### Aim of the exercise
Only the lines below starting at the one containing "GPSBIAS0: SOLDERJUMPER_ARROW_NOPASTE" and ending at the one containing "EAR+: C4.1, C8.1, C11.2, U1.26" belong in the answer, each copied exactly.

[Stored items]
· · · · · · ·
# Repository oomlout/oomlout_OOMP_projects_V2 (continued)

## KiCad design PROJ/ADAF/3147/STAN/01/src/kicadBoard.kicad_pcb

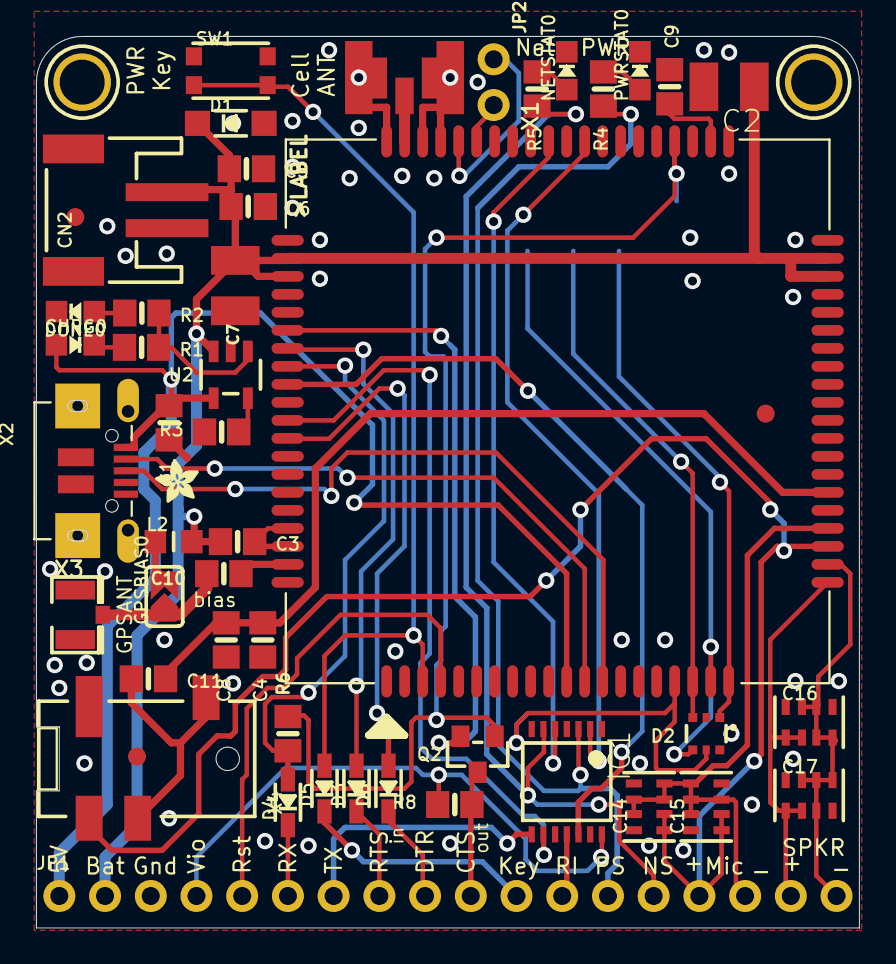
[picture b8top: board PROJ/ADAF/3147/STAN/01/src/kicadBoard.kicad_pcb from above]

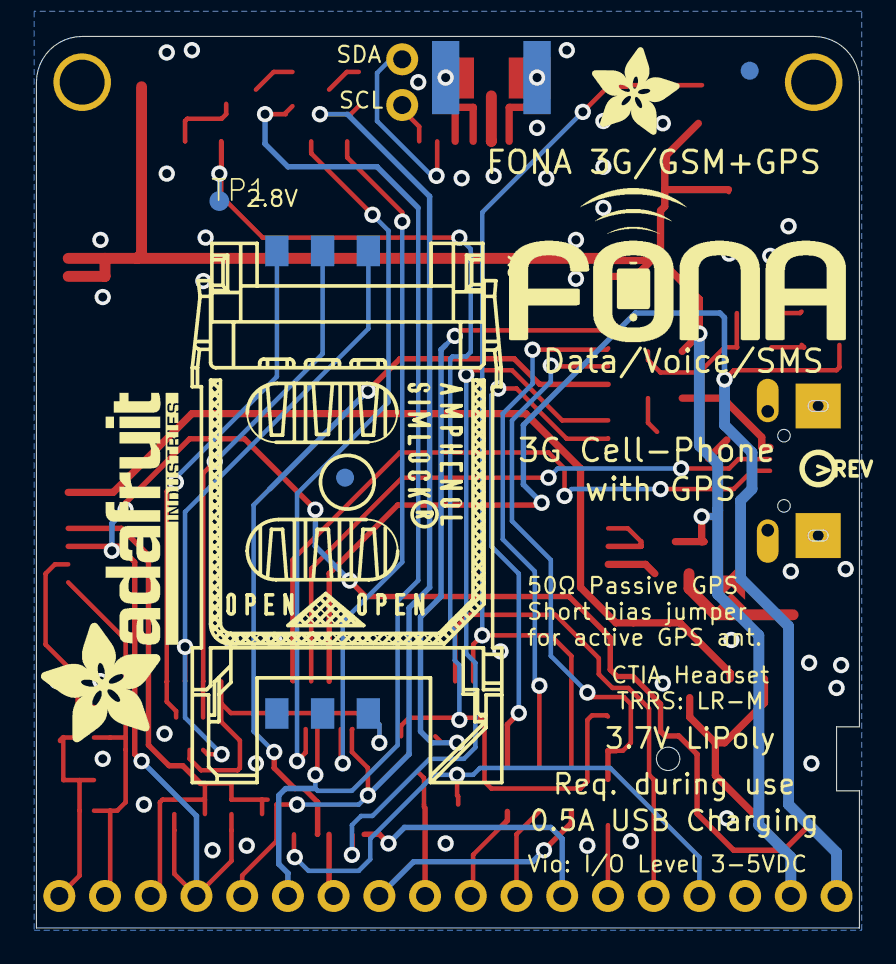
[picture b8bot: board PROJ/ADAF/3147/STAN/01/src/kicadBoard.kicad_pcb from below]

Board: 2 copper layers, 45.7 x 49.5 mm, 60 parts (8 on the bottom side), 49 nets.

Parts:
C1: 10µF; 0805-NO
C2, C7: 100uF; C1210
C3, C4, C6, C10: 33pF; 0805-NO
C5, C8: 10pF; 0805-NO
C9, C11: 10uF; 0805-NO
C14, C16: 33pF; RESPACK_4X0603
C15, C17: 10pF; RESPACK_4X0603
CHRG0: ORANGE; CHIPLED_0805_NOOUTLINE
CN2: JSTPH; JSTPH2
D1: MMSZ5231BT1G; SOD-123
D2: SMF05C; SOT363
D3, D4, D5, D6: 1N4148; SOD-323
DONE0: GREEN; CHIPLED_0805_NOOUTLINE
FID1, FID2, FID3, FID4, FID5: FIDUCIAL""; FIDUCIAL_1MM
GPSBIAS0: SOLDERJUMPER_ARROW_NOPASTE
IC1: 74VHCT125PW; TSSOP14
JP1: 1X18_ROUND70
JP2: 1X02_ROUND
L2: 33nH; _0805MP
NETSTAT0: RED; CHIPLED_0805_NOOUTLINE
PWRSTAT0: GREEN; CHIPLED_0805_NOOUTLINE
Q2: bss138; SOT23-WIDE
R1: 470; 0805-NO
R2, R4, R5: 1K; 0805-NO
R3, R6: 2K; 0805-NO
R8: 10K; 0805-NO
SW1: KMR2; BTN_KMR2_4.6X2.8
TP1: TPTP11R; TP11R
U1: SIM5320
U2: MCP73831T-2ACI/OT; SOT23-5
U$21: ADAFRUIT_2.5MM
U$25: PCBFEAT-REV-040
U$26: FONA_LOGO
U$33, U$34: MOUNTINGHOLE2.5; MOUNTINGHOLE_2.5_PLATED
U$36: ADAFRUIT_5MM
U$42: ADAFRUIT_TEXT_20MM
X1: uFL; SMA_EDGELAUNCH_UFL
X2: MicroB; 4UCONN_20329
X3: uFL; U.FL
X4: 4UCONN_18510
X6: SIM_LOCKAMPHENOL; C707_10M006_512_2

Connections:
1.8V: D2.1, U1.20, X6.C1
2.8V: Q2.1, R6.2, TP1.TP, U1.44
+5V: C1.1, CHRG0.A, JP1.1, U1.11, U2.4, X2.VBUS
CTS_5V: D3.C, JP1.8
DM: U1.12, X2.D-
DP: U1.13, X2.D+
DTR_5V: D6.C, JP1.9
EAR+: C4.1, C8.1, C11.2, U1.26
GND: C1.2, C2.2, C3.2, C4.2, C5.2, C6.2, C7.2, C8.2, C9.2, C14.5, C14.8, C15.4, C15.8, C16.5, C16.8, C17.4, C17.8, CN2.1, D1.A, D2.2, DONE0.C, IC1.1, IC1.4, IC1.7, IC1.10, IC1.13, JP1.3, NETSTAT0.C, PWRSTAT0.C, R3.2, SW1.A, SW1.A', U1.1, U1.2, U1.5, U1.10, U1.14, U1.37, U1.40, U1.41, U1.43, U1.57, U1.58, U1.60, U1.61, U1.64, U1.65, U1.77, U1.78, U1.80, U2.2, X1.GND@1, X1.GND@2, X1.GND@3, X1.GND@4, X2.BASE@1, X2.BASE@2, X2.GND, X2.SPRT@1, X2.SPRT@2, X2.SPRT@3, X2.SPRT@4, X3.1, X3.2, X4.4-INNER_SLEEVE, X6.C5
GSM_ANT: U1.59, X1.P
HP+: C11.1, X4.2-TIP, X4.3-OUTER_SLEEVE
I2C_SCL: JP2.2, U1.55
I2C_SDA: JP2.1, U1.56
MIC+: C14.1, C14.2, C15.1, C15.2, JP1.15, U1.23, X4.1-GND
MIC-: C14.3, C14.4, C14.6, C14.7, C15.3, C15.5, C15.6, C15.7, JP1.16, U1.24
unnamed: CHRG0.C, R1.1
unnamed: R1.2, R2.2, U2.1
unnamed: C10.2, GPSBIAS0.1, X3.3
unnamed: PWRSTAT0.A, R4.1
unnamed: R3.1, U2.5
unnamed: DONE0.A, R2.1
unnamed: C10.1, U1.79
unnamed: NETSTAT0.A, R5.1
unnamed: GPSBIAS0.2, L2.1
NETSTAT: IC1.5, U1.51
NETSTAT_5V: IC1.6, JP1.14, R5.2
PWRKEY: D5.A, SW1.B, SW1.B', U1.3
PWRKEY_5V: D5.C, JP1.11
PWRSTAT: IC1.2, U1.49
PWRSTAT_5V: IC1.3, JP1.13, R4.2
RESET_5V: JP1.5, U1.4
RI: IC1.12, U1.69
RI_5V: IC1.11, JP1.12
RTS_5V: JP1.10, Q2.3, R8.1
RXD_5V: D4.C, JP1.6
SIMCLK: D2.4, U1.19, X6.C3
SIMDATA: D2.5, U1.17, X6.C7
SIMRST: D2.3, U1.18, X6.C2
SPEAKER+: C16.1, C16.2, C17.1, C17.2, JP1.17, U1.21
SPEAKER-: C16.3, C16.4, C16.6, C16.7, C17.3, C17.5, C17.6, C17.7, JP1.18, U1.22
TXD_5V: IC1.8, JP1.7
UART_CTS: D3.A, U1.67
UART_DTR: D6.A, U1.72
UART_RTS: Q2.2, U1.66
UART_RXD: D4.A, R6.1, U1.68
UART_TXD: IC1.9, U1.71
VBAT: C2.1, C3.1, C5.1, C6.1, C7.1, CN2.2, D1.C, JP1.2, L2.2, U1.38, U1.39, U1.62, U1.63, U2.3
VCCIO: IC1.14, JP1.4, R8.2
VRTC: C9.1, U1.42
· · · · · · ·
### Answer to the exercise
GPSBIAS0: SOLDERJUMPER_ARROW_NOPASTE
IC1: 74VHCT125PW; TSSOP14
JP1: 1X18_ROUND70
JP2: 1X02_ROUND
L2: 33nH; _0805MP
NETSTAT0: RED; CHIPLED_0805_NOOUTLINE
PWRSTAT0: GREEN; CHIPLED_0805_NOOUTLINE
Q2: bss138; SOT23-WIDE
R1: 470; 0805-NO
R2, R4, R5: 1K; 0805-NO
R3, R6: 2K; 0805-NO
R8: 10K; 0805-NO
SW1: KMR2; BTN_KMR2_4.6X2.8
TP1: TPTP11R; TP11R
U1: SIM5320
U2: MCP73831T-2ACI/OT; SOT23-5
U$21: ADAFRUIT_2.5MM
U$25: PCBFEAT-REV-040
U$26: FONA_LOGO
U$33, U$34: MOUNTINGHOLE2.5; MOUNTINGHOLE_2.5_PLATED
U$36: ADAFRUIT_5MM
U$42: ADAFRUIT_TEXT_20MM
X1: uFL; SMA_EDGELAUNCH_UFL
X2: MicroB; 4UCONN_20329
X3: uFL; U.FL
X4: 4UCONN_18510
X6: SIM_LOCKAMPHENOL; C707_10M006_512_2

Connections:
1.8V: D2.1, U1.20, X6.C1
2.8V: Q2.1, R6.2, TP1.TP, U1.44
+5V: C1.1, CHRG0.A, JP1.1, U1.11, U2.4, X2.VBUS
CTS_5V: D3.C, JP1.8
DM: U1.12, X2.D-
DP: U1.13, X2.D+
DTR_5V: D6.C, JP1.9
EAR+: C4.1, C8.1, C11.2, U1.26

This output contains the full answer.